# Anyone fishing this weekend?



## dannyb14 (Aug 21, 2013)

My fishin buddy bailed on me. Boss lady said no to him. Was wondering if anyone was going to wade/surf fish in Galveston/Texas city/surf side, and wouldn't mind a salt water noobie tagging along?

Let me know! Thanks guys!!


----------



## agonzales1981 (Jun 12, 2008)

I'm thinking about hitting surfside early am


----------



## KEN KERLEY (Nov 13, 2006)

Wish I could but it will be Tuesday before I can get out.


----------



## troutless (Feb 17, 2006)

Well guys the window of opportunity is open for the surf now.
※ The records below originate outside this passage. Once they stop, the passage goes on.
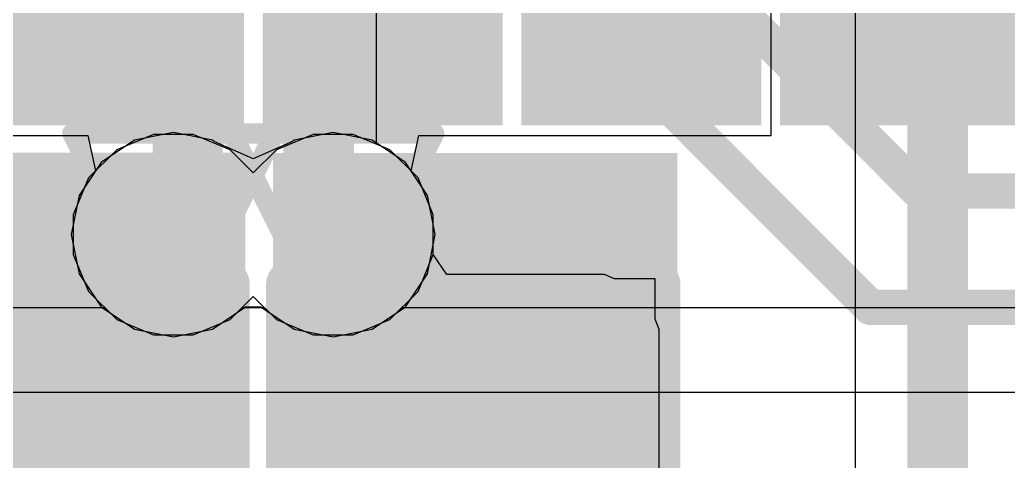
# Model space of a CAD drawing. Header units: inches. Extents: x -6 to 283, y -12 to 154.
# Drawn here: x 47.962 to 50.446, y -9.255 to -8.147 of the extents above; entities that cross this region are included whole.
import ezdxf

# ---------------------------------------------------------------- set-up
doc = ezdxf.new("R2010")
doc.units = ezdxf.units.IN
for name, color, linetype in [('Bottom Layer', 5, 'Continuous'), ('Bottom Overlay', 54, 'Continuous'), ('Bottom Paste', 16, 'Continuous'), ('Bottom Solder', 6, 'Continuous'), ('Drill Drawing', 1, 'Continuous'), ('GND-1', 16, 'Continuous'), ('GND-2', 90, 'Continuous'), ('GND-3', 216, 'Continuous'), ('GND-4', 54, 'Continuous'), ('PWR-1', 156, 'Continuous'), ('PWR-2', 130, 'Continuous'), ('Signal L1', 76, 'Continuous'), ('Signal L2', 6, 'Continuous'), ('Top Layer', 1, 'Continuous'), ('Top Paste', 8, 'Continuous'), ('Top Solder', 216, 'Continuous'), ('Via Holes', 16, 'Continuous')]:
    doc.layers.add(name, color=color, linetype=linetype)

# ---------------------------------------------------------------- blocks, each defined once
blk = doc.blocks.new('10118192_0001LF__192')
at = {"layer": 'Top Layer'}
for points in [[(-1.1, -2.0125), (-1.5, -2.0125), (-1.5, -0.6625), (-1.1, -0.6625)], [(-0.45, -2.0125), (-0.85, -2.0125), (-0.85, -0.6625), (-0.45, -0.6625)], [(0.2, -2.0125), (-0.2, -2.0125), (-0.2, -0.6625), (0.2, -0.6625)], [(0.85, -2.0125), (0.45, -2.0125), (0.45, -0.6625), (0.85, -0.6625)]]:
    blk.add_hatch(color=1, dxfattribs=at).paths.add_polyline_path(points)
at = {"layer": 'Top Paste'}
for points in [[(-1.1, -2.0125), (-1.5, -2.0125), (-1.5, -0.6625), (-1.1, -0.6625)], [(-0.45, -2.0125), (-0.85, -2.0125), (-0.85, -0.6625), (-0.45, -0.6625)], [(0.2, -2.0125), (-0.2, -2.0125), (-0.2, -0.6625), (0.2, -0.6625)], [(0.85, -2.0125), (0.45, -2.0125), (0.45, -0.6625), (0.85, -0.6625)]]:
    blk.add_hatch(color=8, dxfattribs=at).paths.add_polyline_path(points)
at = {"layer": 'Top Solder'}
for points in [[(-0.9984, -2.1141), (-1.6016, -2.1141), (-1.6016, -0.5609), (-0.9984, -0.5609)], [(-0.3484, -2.1141), (-0.9516, -2.1141), (-0.9516, -0.5609), (-0.3484, -0.5609)], [(0.3016, -2.1141), (-0.3016, -2.1141), (-0.3016, -0.5609), (0.3016, -0.5609)], [(0.9516, -2.1141), (0.3484, -2.1141), (0.3484, -0.5609), (0.9516, -0.5609)]]:
    blk.add_hatch(color=216, dxfattribs=at).paths.add_polyline_path(points)
blk = doc.blocks.new('DFN1006_2L__B_205')
at = {"layer": 'Bottom Layer'}
for points in [[(-0.7, 0.33), (-0.15, 0.33), (-0.15, -0.33), (-0.7, -0.33)], [(0.15, 0.33), (0.7, 0.33), (0.7, -0.33), (0.15, -0.33)]]:
    blk.add_hatch(color=5, dxfattribs=at).paths.add_polyline_path(points)
at = {"layer": 'Bottom Overlay'}
blk.add_hatch(color=54, dxfattribs=at).paths.add_polyline_path([(-1.1433, -0.5034), (-0.8131, -0.5034), (-0.8131, 0.5126), (-1.1433, 0.5126)])
at = {"layer": 'Bottom Paste'}
for points in [[(-0.7, 0.33), (-0.15, 0.33), (-0.15, -0.33), (-0.7, -0.33)], [(0.15, 0.33), (0.7, 0.33), (0.7, -0.33), (0.15, -0.33)]]:
    blk.add_hatch(color=16, dxfattribs=at).paths.add_polyline_path(points)
at = {"layer": 'Bottom Solder'}
for points in [[(-0.8016, 0.4316), (-0.0484, 0.4316), (-0.0484, -0.4316), (-0.8016, -0.4316)], [(0.0484, 0.4316), (0.8016, 0.4316), (0.8016, -0.4316), (0.0484, -0.4316)]]:
    blk.add_hatch(color=6, dxfattribs=at).paths.add_polyline_path(points)
at = {"layer": 'Bottom Overlay'}
for points in [[(-0.8128, -0.4572, 0.127, 0.127, 0), (-0.8128, 0.4572, 0.127, 0.127, 0)], [(0.8128, 0.4572, 0.127, 0.127, 0), (-0.8128, 0.4572, 0.127, 0.127, 0)], [(0.8128, -0.4572, 0.127, 0.127, 0), (0.8128, 0.4572, 0.127, 0.127, 0)], [(0.8128, -0.4572, 0.127, 0.127, 0), (-0.8128, -0.4572, 0.127, 0.127, 0)]]:
    blk.add_lwpolyline(points, format="xyseb", dxfattribs=at)
for points in [[(-0.8445, 0.4572, 0.0635, 0.0635, 1), (-0.781, 0.4572, 0.0635, 0.0635, 1)], [(-0.8445, 0.4572, 0.0635, 0.0635, 1), (-0.781, 0.4572, 0.0635, 0.0635, 1)], [(0.781, 0.4572, 0.0635, 0.0635, 1), (0.8446, 0.4572, 0.0635, 0.0635, 1)], [(0.781, 0.4572, 0.0635, 0.0635, 1), (0.8446, 0.4572, 0.0635, 0.0635, 1)], [(-0.8445, -0.4572, 0.0635, 0.0635, 1), (-0.781, -0.4572, 0.0635, 0.0635, 1)], [(-0.8445, -0.4572, 0.0635, 0.0635, 1), (-0.781, -0.4572, 0.0635, 0.0635, 1)], [(0.781, -0.4572, 0.0635, 0.0635, 1), (0.8446, -0.4572, 0.0635, 0.0635, 1)], [(0.781, -0.4572, 0.0635, 0.0635, 1), (0.8446, -0.4572, 0.0635, 0.0635, 1)]]:
    blk.add_lwpolyline(points, format="xyseb", close=True, dxfattribs=at)
blk = doc.blocks.new('DFN1006_2L__B_206')
at = {"layer": 'Bottom Layer'}
for points in [[(-0.7, 0.33), (-0.15, 0.33), (-0.15, -0.33), (-0.7, -0.33)], [(0.15, 0.33), (0.7, 0.33), (0.7, -0.33), (0.15, -0.33)]]:
    blk.add_hatch(color=5, dxfattribs=at).paths.add_polyline_path(points)
at = {"layer": 'Bottom Overlay'}
blk.add_hatch(color=54, dxfattribs=at).paths.add_polyline_path([(-1.1436, -0.5067), (-0.8134, -0.5067), (-0.8134, 0.5093), (-1.1436, 0.5093)])
at = {"layer": 'Bottom Paste'}
for points in [[(-0.7, 0.33), (-0.15, 0.33), (-0.15, -0.33), (-0.7, -0.33)], [(0.15, 0.33), (0.7, 0.33), (0.7, -0.33), (0.15, -0.33)]]:
    blk.add_hatch(color=16, dxfattribs=at).paths.add_polyline_path(points)
at = {"layer": 'Bottom Solder'}
for points in [[(-0.8016, 0.4316), (-0.0484, 0.4316), (-0.0484, -0.4316), (-0.8016, -0.4316)], [(0.0484, 0.4316), (0.8016, 0.4316), (0.8016, -0.4316), (0.0484, -0.4316)]]:
    blk.add_hatch(color=6, dxfattribs=at).paths.add_polyline_path(points)
at = {"layer": 'Bottom Overlay'}
for points in [[(-0.8128, -0.4572, 0.127, 0.127, 0), (-0.8128, 0.4572, 0.127, 0.127, 0)], [(0.8128, 0.4572, 0.127, 0.127, 0), (-0.8128, 0.4572, 0.127, 0.127, 0)], [(0.8128, -0.4572, 0.127, 0.127, 0), (0.8128, 0.4572, 0.127, 0.127, 0)], [(-0.8128, -0.4572, 0.127, 0.127, 0), (0.8128, -0.4572, 0.127, 0.127, 0)]]:
    blk.add_lwpolyline(points, format="xyseb", dxfattribs=at)
for points in [[(-0.8446, 0.4572, 0.0635, 0.0635, 1), (-0.781, 0.4572, 0.0635, 0.0635, 1)], [(-0.8446, 0.4572, 0.0635, 0.0635, 1), (-0.781, 0.4572, 0.0635, 0.0635, 1)], [(0.781, 0.4572, 0.0635, 0.0635, 1), (0.8446, 0.4572, 0.0635, 0.0635, 1)], [(0.781, 0.4572, 0.0635, 0.0635, 1), (0.8446, 0.4572, 0.0635, 0.0635, 1)], [(-0.8445, -0.4572, 0.0635, 0.0635, 1), (-0.781, -0.4572, 0.0635, 0.0635, 1)], [(-0.8445, -0.4572, 0.0635, 0.0635, 1), (-0.781, -0.4572, 0.0635, 0.0635, 1)], [(0.781, -0.4572, 0.0635, 0.0635, 1), (0.8445, -0.4572, 0.0635, 0.0635, 1)], [(0.781, -0.4572, 0.0635, 0.0635, 1), (0.8445, -0.4572, 0.0635, 0.0635, 1)]]:
    blk.add_lwpolyline(points, format="xyseb", close=True, dxfattribs=at)

msp = doc.modelspace()

# ---------------------------------------------------------------- hatches: boundary and pattern name
at = {"layer": 'Bottom Layer'}
h = msp.add_hatch(color=5, dxfattribs=at)
edge = h.paths.add_edge_path()
edge.add_arc((48.3482, -8.6861), 0.15, 0, 360)
h = msp.add_hatch(color=5, dxfattribs=at)
edge = h.paths.add_edge_path()
edge.add_arc((48.7498, -8.6861), 0.15, 0, 360)
for points in [[(47.6894, -9.474), (48.3982, -9.474), (48.3982, -8.924), (47.6894, -8.924)], [(48.6982, -9.474), (49.4319, -9.474), (49.4319, -8.924), (48.6982, -8.924)]]:
    msp.add_hatch(color=5, dxfattribs=at).paths.add_polyline_path(points)
at = {"layer": 'GND-1'}
h = msp.add_hatch(color=16, dxfattribs=at)
edge = h.paths.add_edge_path()
edge.add_arc((48.3482, -8.6861), 0.15, 0, 360)
h = msp.add_hatch(color=16, dxfattribs=at)
edge = h.paths.add_edge_path()
edge.add_arc((48.7498, -8.6861), 0.15, 0, 360)
at = {"layer": 'GND-2'}
h = msp.add_hatch(color=90, dxfattribs=at)
edge = h.paths.add_edge_path()
edge.add_arc((48.3482, -8.6861), 0.15, 0, 360)
h = msp.add_hatch(color=90, dxfattribs=at)
edge = h.paths.add_edge_path()
edge.add_arc((48.7498, -8.6861), 0.15, 0, 360)
at = {"layer": 'GND-3'}
h = msp.add_hatch(color=216, dxfattribs=at)
edge = h.paths.add_edge_path()
edge.add_arc((48.3482, -8.6861), 0.15, 0, 360)
h = msp.add_hatch(color=216, dxfattribs=at)
edge = h.paths.add_edge_path()
edge.add_arc((48.7498, -8.6861), 0.15, 0, 360)
at = {"layer": 'GND-4'}
h = msp.add_hatch(color=54, dxfattribs=at)
edge = h.paths.add_edge_path()
edge.add_arc((48.3482, -8.6861), 0.15, 0, 360)
h = msp.add_hatch(color=54, dxfattribs=at)
edge = h.paths.add_edge_path()
edge.add_arc((48.7498, -8.6861), 0.15, 0, 360)
at = {"layer": 'PWR-1'}
h = msp.add_hatch(color=156, dxfattribs=at)
edge = h.paths.add_edge_path()
edge.add_arc((48.3482, -8.6861), 0.15, 0, 360)
h = msp.add_hatch(color=156, dxfattribs=at)
edge = h.paths.add_edge_path()
edge.add_arc((48.7498, -8.6861), 0.15, 0, 360)
at = {"layer": 'PWR-2'}
h = msp.add_hatch(color=130, dxfattribs=at)
edge = h.paths.add_edge_path()
edge.add_arc((48.3482, -8.6861), 0.15, 0, 360)
h = msp.add_hatch(color=130, dxfattribs=at)
edge = h.paths.add_edge_path()
edge.add_arc((48.7498, -8.6861), 0.15, 0, 360)
at = {"layer": 'Signal L1'}
h = msp.add_hatch(color=76, dxfattribs=at)
edge = h.paths.add_edge_path()
edge.add_arc((48.3482, -8.6861), 0.15, 0, 360)
h = msp.add_hatch(color=76, dxfattribs=at)
edge = h.paths.add_edge_path()
edge.add_arc((48.7498, -8.6861), 0.15, 0, 360)
at = {"layer": 'Signal L2'}
h = msp.add_hatch(color=6, dxfattribs=at)
edge = h.paths.add_edge_path()
edge.add_arc((48.3482, -8.6861), 0.15, 0, 360)
h = msp.add_hatch(color=6, dxfattribs=at)
edge = h.paths.add_edge_path()
edge.add_arc((48.7498, -8.6861), 0.15, 0, 360)
at = {"layer": 'Top Layer'}
h = msp.add_hatch(color=1, dxfattribs=at)
edge = h.paths.add_edge_path()
edge.add_arc((48.3482, -8.6861), 0.15, 0, 360)
h = msp.add_hatch(color=1, dxfattribs=at)
edge = h.paths.add_edge_path()
edge.add_arc((48.7498, -8.6861), 0.15, 0, 360)
at = {"layer": 'Via Holes'}
h = msp.add_hatch(color=7, dxfattribs=at)
edge = h.paths.add_edge_path()
edge.add_arc((48.3482, -8.6861), 0.075, 0, 360)
h = msp.add_hatch(color=7, dxfattribs=at)
edge = h.paths.add_edge_path()
edge.add_arc((48.7498, -8.6861), 0.075, 0, 360)

# ---------------------------------------------------------------- linework, layer by layer
at = {"layer": 'Bottom Layer'}
for p, q in [((50.0615, -7.1735), (50.0615, -10.2876)), ((48.8591, -8.459), (48.8591, -8.0445)), ((48.8924, -8.4728), (48.8591, -8.459)), ((48.9631, -8.5436), (48.8924, -8.4728)), ((49.0014, -8.636), (48.9631, -8.5436)), ((49.0014, -8.7361), (49.0014, -8.636)), ((49.0351, -8.7865), (49.0014, -8.7361)), ((49.4319, -8.7865), (49.0351, -8.7865)), ((49.4572, -8.797), (49.4319, -8.7865)), ((49.5589, -8.797), (49.4572, -8.797)), ((49.5589, -8.8987), (49.5589, -8.797)), ((49.5694, -8.924), (49.5589, -8.8987)), ((49.5694, -9.474), (49.5694, -8.924))]:
    msp.add_line(p, q, dxfattribs=at)
for points in [[(50.2687, -10.2876, 0.1524, 0.1524, 0), (50.2687, -7.0248, 0.1524, 0.1524, 0)], [(48.4199, -8.6144, 0.1041, 0.1041, 0), (48.4199, -7.9393, 0.1041, 0.1041, 0)], [(48.6765, -8.6127, 0.1041, 0.1041, 0), (48.6765, -7.9393, 0.1041, 0.1041, 0)], [(48.4199, -8.6144, 0.1041, 0.1041, -0.414214), (48.3482, -8.6861, 0.1041, 0.1041, 0)], [(48.7498, -8.6861, 0.1041, 0.1041, -0.414214), (48.6765, -8.6127, 0.1041, 0.1041, 0)], [(48.3482, -8.6861, 0.1041, 0.1041, -0.414214), (48.4208, -8.7586, 0.1041, 0.1041, 0)], [(48.6773, -8.7586, 0.1041, 0.1041, -0.414214), (48.7498, -8.6861, 0.1041, 0.1041, 0)], [(48.4208, -8.924, 0.1041, 0.1041, 0), (48.4208, -8.7586, 0.1041, 0.1041, 0)], [(48.6773, -8.924, 0.1041, 0.1041, 0), (48.6773, -8.7586, 0.1041, 0.1041, 0)], [(48.4208, -8.924, 0.1041, 0.1041, -0.414214), (48.1458, -9.199, 0.1041, 0.1041, 0)], [(48.9523, -9.199, 0.1041, 0.1041, -0.414214), (48.6773, -8.924, 0.1041, 0.1041, 0)], [(48.0194, -9.199, 0.1041, 0.1041, 0), (48.1458, -9.199, 0.1041, 0.1041, 0)], [(48.9523, -9.199, 0.1041, 0.1041, 0), (49.1019, -9.199, 0.1041, 0.1041, 0)]]:
    msp.add_lwpolyline(points, format="xyseb", dxfattribs=at)
for points in [[(48.3939, -8.6144, 0.0521, 0.0521, 1), (48.446, -8.6144, 0.0521, 0.0521, 1)], [(48.3939, -8.6144, 0.0521, 0.0521, 1), (48.446, -8.6144, 0.0521, 0.0521, 1)], [(48.6504, -8.6127, 0.0521, 0.0521, 1), (48.7025, -8.6127, 0.0521, 0.0521, 1)], [(48.6504, -8.6127, 0.0521, 0.0521, 1), (48.7025, -8.6127, 0.0521, 0.0521, 1)], [(48.3222, -8.6861, 0.0521, 0.0521, 1), (48.3743, -8.6861, 0.0521, 0.0521, 1)], [(48.3222, -8.6861, 0.0521, 0.0521, 1), (48.3743, -8.6861, 0.0521, 0.0521, 1)], [(48.7238, -8.6861, 0.0521, 0.0521, 1), (48.7759, -8.6861, 0.0521, 0.0521, 1)], [(48.7238, -8.6861, 0.0521, 0.0521, 1), (48.7759, -8.6861, 0.0521, 0.0521, 1)], [(48.3947, -8.7586, 0.0521, 0.0521, 1), (48.4468, -8.7586, 0.0521, 0.0521, 1)], [(48.3947, -8.7586, 0.0521, 0.0521, 1), (48.4468, -8.7586, 0.0521, 0.0521, 1)], [(48.6513, -8.7586, 0.0521, 0.0521, 1), (48.7033, -8.7586, 0.0521, 0.0521, 1)], [(48.6513, -8.7586, 0.0521, 0.0521, 1), (48.7033, -8.7586, 0.0521, 0.0521, 1)], [(48.3947, -8.924, 0.0521, 0.0521, 1), (48.4468, -8.924, 0.0521, 0.0521, 1)], [(48.3947, -8.924, 0.0521, 0.0521, 1), (48.4468, -8.924, 0.0521, 0.0521, 1)], [(48.6513, -8.924, 0.0521, 0.0521, 1), (48.7033, -8.924, 0.0521, 0.0521, 1)], [(48.6513, -8.924, 0.0521, 0.0521, 1), (48.7033, -8.924, 0.0521, 0.0521, 1)], [(47.9934, -9.199, 0.0521, 0.0521, 1), (48.0455, -9.199, 0.0521, 0.0521, 1)], [(48.1197, -9.199, 0.0521, 0.0521, 1), (48.1718, -9.199, 0.0521, 0.0521, 1)], [(48.1197, -9.199, 0.0521, 0.0521, 1), (48.1718, -9.199, 0.0521, 0.0521, 1)], [(48.9263, -9.199, 0.0521, 0.0521, 1), (48.9784, -9.199, 0.0521, 0.0521, 1)], [(48.9263, -9.199, 0.0521, 0.0521, 1), (48.9784, -9.199, 0.0521, 0.0521, 1)], [(49.0759, -9.199, 0.0521, 0.0521, 1), (49.128, -9.199, 0.0521, 0.0521, 1)]]:
    msp.add_lwpolyline(points, format="xyseb", close=True, dxfattribs=at)
at = {"layer": 'Drill Drawing'}
for points in [[(48.0942, -8.4321, 0.0508, 0.0508, 0), (48.6022, -8.4321, 0.0508, 0.0508, 0)], [(48.0942, -8.4321, 0.0508, 0.0508, 0), (48.3482, -8.9401, 0.0508, 0.0508, 0)], [(48.3482, -8.9401, 0.0508, 0.0508, 0), (48.6022, -8.4321, 0.0508, 0.0508, 0)], [(48.4958, -8.4321, 0.0508, 0.0508, 0), (49.0038, -8.4321, 0.0508, 0.0508, 0)], [(48.4958, -8.4321, 0.0508, 0.0508, 0), (48.7498, -8.9401, 0.0508, 0.0508, 0)], [(48.7498, -8.9401, 0.0508, 0.0508, 0), (49.0038, -8.4321, 0.0508, 0.0508, 0)]]:
    msp.add_lwpolyline(points, format="xyseb", dxfattribs=at)
for points in [[(48.0815, -8.4321, 0.0254, 0.0254, 1), (48.1069, -8.4321, 0.0254, 0.0254, 1)], [(48.0815, -8.4321, 0.0254, 0.0254, 1), (48.1069, -8.4321, 0.0254, 0.0254, 1)], [(48.4831, -8.4321, 0.0254, 0.0254, 1), (48.5085, -8.4321, 0.0254, 0.0254, 1)], [(48.4831, -8.4321, 0.0254, 0.0254, 1), (48.5085, -8.4321, 0.0254, 0.0254, 1)], [(48.5895, -8.4321, 0.0254, 0.0254, 1), (48.6149, -8.4321, 0.0254, 0.0254, 1)], [(48.5895, -8.4321, 0.0254, 0.0254, 1), (48.6149, -8.4321, 0.0254, 0.0254, 1)], [(48.9911, -8.4321, 0.0254, 0.0254, 1), (49.0165, -8.4321, 0.0254, 0.0254, 1)], [(48.9911, -8.4321, 0.0254, 0.0254, 1), (49.0165, -8.4321, 0.0254, 0.0254, 1)], [(48.3355, -8.9401, 0.0254, 0.0254, 1), (48.3609, -8.9401, 0.0254, 0.0254, 1)], [(48.3355, -8.9401, 0.0254, 0.0254, 1), (48.3609, -8.9401, 0.0254, 0.0254, 1)], [(48.7371, -8.9401, 0.0254, 0.0254, 1), (48.7625, -8.9401, 0.0254, 0.0254, 1)], [(48.7371, -8.9401, 0.0254, 0.0254, 1), (48.7625, -8.9401, 0.0254, 0.0254, 1)]]:
    msp.add_lwpolyline(points, format="xyseb", close=True, dxfattribs=at)
at = {"layer": 'GND-1'}
for p, q in [((48.2982, -8.4345), (48.2057, -8.4728)), ((48.3983, -8.4345), (48.2982, -8.4345)), ((48.4908, -8.4728), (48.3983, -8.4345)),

The Trout should be there. Good luck to those that get to hit the surf and bays.


----------



## iRIDElow (Feb 29, 2012)

I fished this morning near west beach infront of the condos where the road forks off the sea wall. Started the morning pretty rough but it flattened out shortly after sunrise. No one had any luck and by about 9 the dolphins ran us out. I'll be back tomorrow morning but I'm gonna try more down the east side and try my luck. Haven't waded much down past the pleasure pier so I'm gonna wing it tomorrow and see where I end up.


----------



## CroakerChoker (Jan 24, 2013)

Me. I'm thinking #1Mosquito Island or #2along Levee Rd. Probably get there around 5:30am. I'll be wading with a light blue shirt and shoulder bag, if you see me say what's up and we will buddy up.


----------



## bragwell (Apr 15, 2010)

If the surf doesn't produce, check out your favorite flounder hole. You might be presently surprised.


----------



## agonzales1981 (Jun 12, 2008)

This is my report from yesterday;

In the water at dawn soakin croaker, 4 keeper specs to 18", lost several and threw several 15"s back. Put my trusty bone ss jr on and lost another keeper at my hand. Left them biting so I could make it home and take the kids to the festival in Alvin. 

This was at surfside next to the jetty, green to the beach, small rollers.


----------